THE DATA.
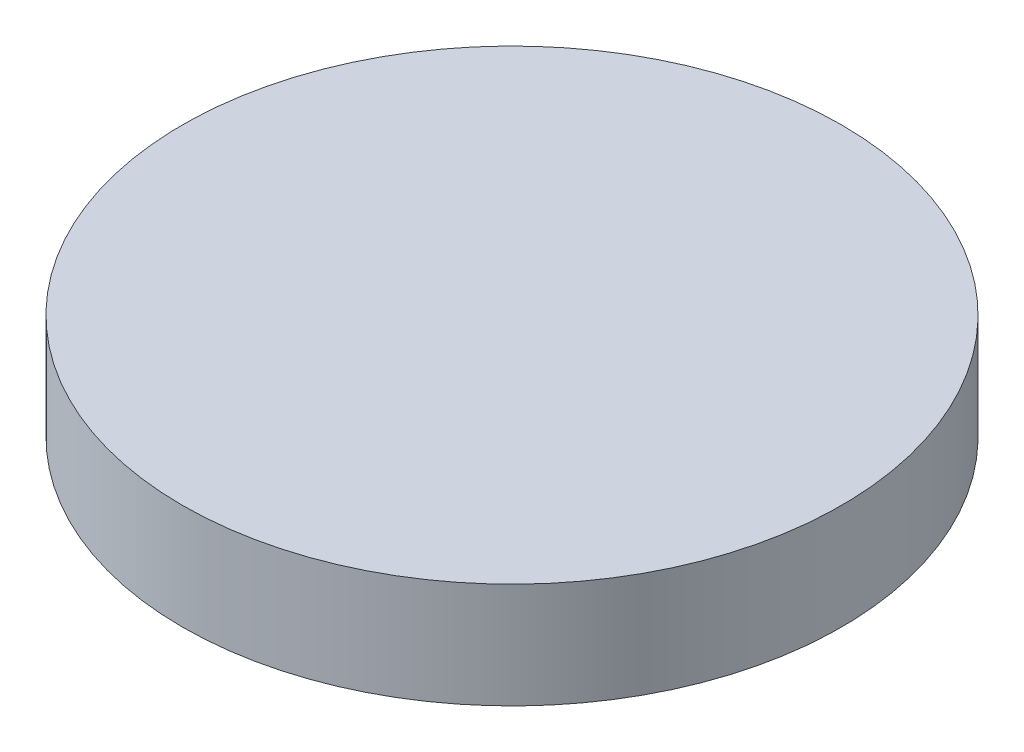
ISO-10303-21;
HEADER;
FILE_DESCRIPTION(('STEP AP214'),'2;1');
FILE_NAME('part.step','',(''),(''),'','','');
FILE_SCHEMA(('AUTOMOTIVE_DESIGN { 1 0 10303 214 1 1 1 1 }'));
ENDSEC;
DATA;
#1=APPLICATION_CONTEXT('core data for automotive mechanical design processes');
#2=APPLICATION_PROTOCOL_DEFINITION('international standard','automotive_design',2000,#1);
#3=PRODUCT_CONTEXT('',#1,'mechanical');
#4=PRODUCT('Part','Part','',(#3));
#5=PRODUCT_RELATED_PRODUCT_CATEGORY('part','',(#4));
#6=PRODUCT_DEFINITION_FORMATION('','',#4);
#7=PRODUCT_DEFINITION_CONTEXT('part definition',#1,'design');
#8=PRODUCT_DEFINITION('design','',#6,#7);
#9=PRODUCT_DEFINITION_SHAPE('','',#8);
#10=(LENGTH_UNIT() NAMED_UNIT(*) SI_UNIT(.MILLI.,.METRE.));
#11=(NAMED_UNIT(*) PLANE_ANGLE_UNIT() SI_UNIT($,.RADIAN.));
#12=(NAMED_UNIT(*) SI_UNIT($,.STERADIAN.) SOLID_ANGLE_UNIT());
#13=UNCERTAINTY_MEASURE_WITH_UNIT(LENGTH_MEASURE(1.E-05),#10,'distance_accuracy_value','');
#14=(GEOMETRIC_REPRESENTATION_CONTEXT(3) GLOBAL_UNCERTAINTY_ASSIGNED_CONTEXT((#13)) GLOBAL_UNIT_ASSIGNED_CONTEXT((#10,
#11,#12)) REPRESENTATION_CONTEXT('',''));
#15=CARTESIAN_POINT('',(0.,0.,0.));
#16=DIRECTION('',(0.,0.,1.));
#17=DIRECTION('',(1.,0.,0.));
#18=AXIS2_PLACEMENT_3D('',#15,#16,#17);
#19=CARTESIAN_POINT('',(0.,8.128,0.));
#20=DIRECTION('',(0.,-1.,0.));
#21=DIRECTION('',(0.,0.,-1.));
#22=AXIS2_PLACEMENT_3D('',#19,#20,#21);
#23=CYLINDRICAL_SURFACE('',#22,25.4);
#24=CARTESIAN_POINT('',(0.,8.128,0.));
#25=DIRECTION('',(0.,1.,0.));
#26=DIRECTION('',(0.,0.,1.));
#27=AXIS2_PLACEMENT_3D('',#24,#25,#26);
#28=CIRCLE('',#27,25.4);
#29=CARTESIAN_POINT('',(0.,8.128,25.4));
#30=VERTEX_POINT('',#29);
#31=EDGE_CURVE('E10',#30,#30,#28,.T.);
#32=ORIENTED_EDGE('',*,*,#31,.F.);
#33=EDGE_LOOP('',(#32));
#34=FACE_BOUND('',#33,.T.);
#35=CARTESIAN_POINT('',(0.,0.,0.));
#36=DIRECTION('',(0.,1.,0.));
#37=DIRECTION('',(0.,0.,1.));
#38=AXIS2_PLACEMENT_3D('',#35,#36,#37);
#39=CIRCLE('',#38,25.4);
#40=CARTESIAN_POINT('',(0.,0.,25.4));
#41=VERTEX_POINT('',#40);
#42=EDGE_CURVE('E40',#41,#41,#39,.T.);
#43=ORIENTED_EDGE('',*,*,#42,.T.);
#44=EDGE_LOOP('',(#43));
#45=FACE_BOUND('',#44,.T.);
#46=ADVANCED_FACE('F37',(#34,#45),#23,.T.);
#47=CARTESIAN_POINT('',(0.,8.128,0.));
#48=DIRECTION('',(0.,1.,0.));
#49=DIRECTION('',(0.,0.,1.));
#50=AXIS2_PLACEMENT_3D('',#47,#48,#49);
#51=PLANE('',#50);
#52=ORIENTED_EDGE('',*,*,#31,.T.);
#53=EDGE_LOOP('',(#52));
#54=FACE_BOUND('',#53,.T.);
#55=ADVANCED_FACE('F54',(#54),#51,.T.);
#56=CARTESIAN_POINT('',(0.,0.,0.));
#57=DIRECTION('',(0.,1.,0.));
#58=DIRECTION('',(0.,0.,1.));
#59=AXIS2_PLACEMENT_3D('',#56,#57,#58);
#60=PLANE('',#59);
#61=ORIENTED_EDGE('',*,*,#42,.F.);
#62=EDGE_LOOP('',(#61));
#63=FACE_BOUND('',#62,.T.);
#64=ADVANCED_FACE('F52',(#63),#60,.F.);
#65=CLOSED_SHELL('',(#46,#55,#64));
#66=MANIFOLD_SOLID_BREP('B2',#65);
#67=ADVANCED_BREP_SHAPE_REPRESENTATION('',(#18,#66),#14);
#68=SHAPE_DEFINITION_REPRESENTATION(#9,#67);
ENDSEC;
END-ISO-10303-21;

EXERCISE REQUIREMENTS.
Above are the records; print exactly the lines from the line with "#44=EDGE_LOOP('',(#43));" to the line with "#66=MANIFOLD_SOLID_BREP('B2',#65);", including both, and nothing else.

ANSWER SPACE.
#44=EDGE_LOOP('',(#43));
#45=FACE_BOUND('',#44,.T.);
#46=ADVANCED_FACE('F37',(#34,#45),#23,.T.);
#47=CARTESIAN_POINT('',(0.,8.128,0.));
#48=DIRECTION('',(0.,1.,0.));
#49=DIRECTION('',(0.,0.,1.));
#50=AXIS2_PLACEMENT_3D('',#47,#48,#49);
#51=PLANE('',#50);
#52=ORIENTED_EDGE('',*,*,#31,.T.);
#53=EDGE_LOOP('',(#52));
#54=FACE_BOUND('',#53,.T.);
#55=ADVANCED_FACE('F54',(#54),#51,.T.);
#56=CARTESIAN_POINT('',(0.,0.,0.));
#57=DIRECTION('',(0.,1.,0.));
#58=DIRECTION('',(0.,0.,1.));
#59=AXIS2_PLACEMENT_3D('',#56,#57,#58);
#60=PLANE('',#59);
#61=ORIENTED_EDGE('',*,*,#42,.F.);
#62=EDGE_LOOP('',(#61));
#63=FACE_BOUND('',#62,.T.);
#64=ADVANCED_FACE('F52',(#63),#60,.F.);
#65=CLOSED_SHELL('',(#46,#55,#64));
#66=MANIFOLD_SOLID_BREP('B2',#65);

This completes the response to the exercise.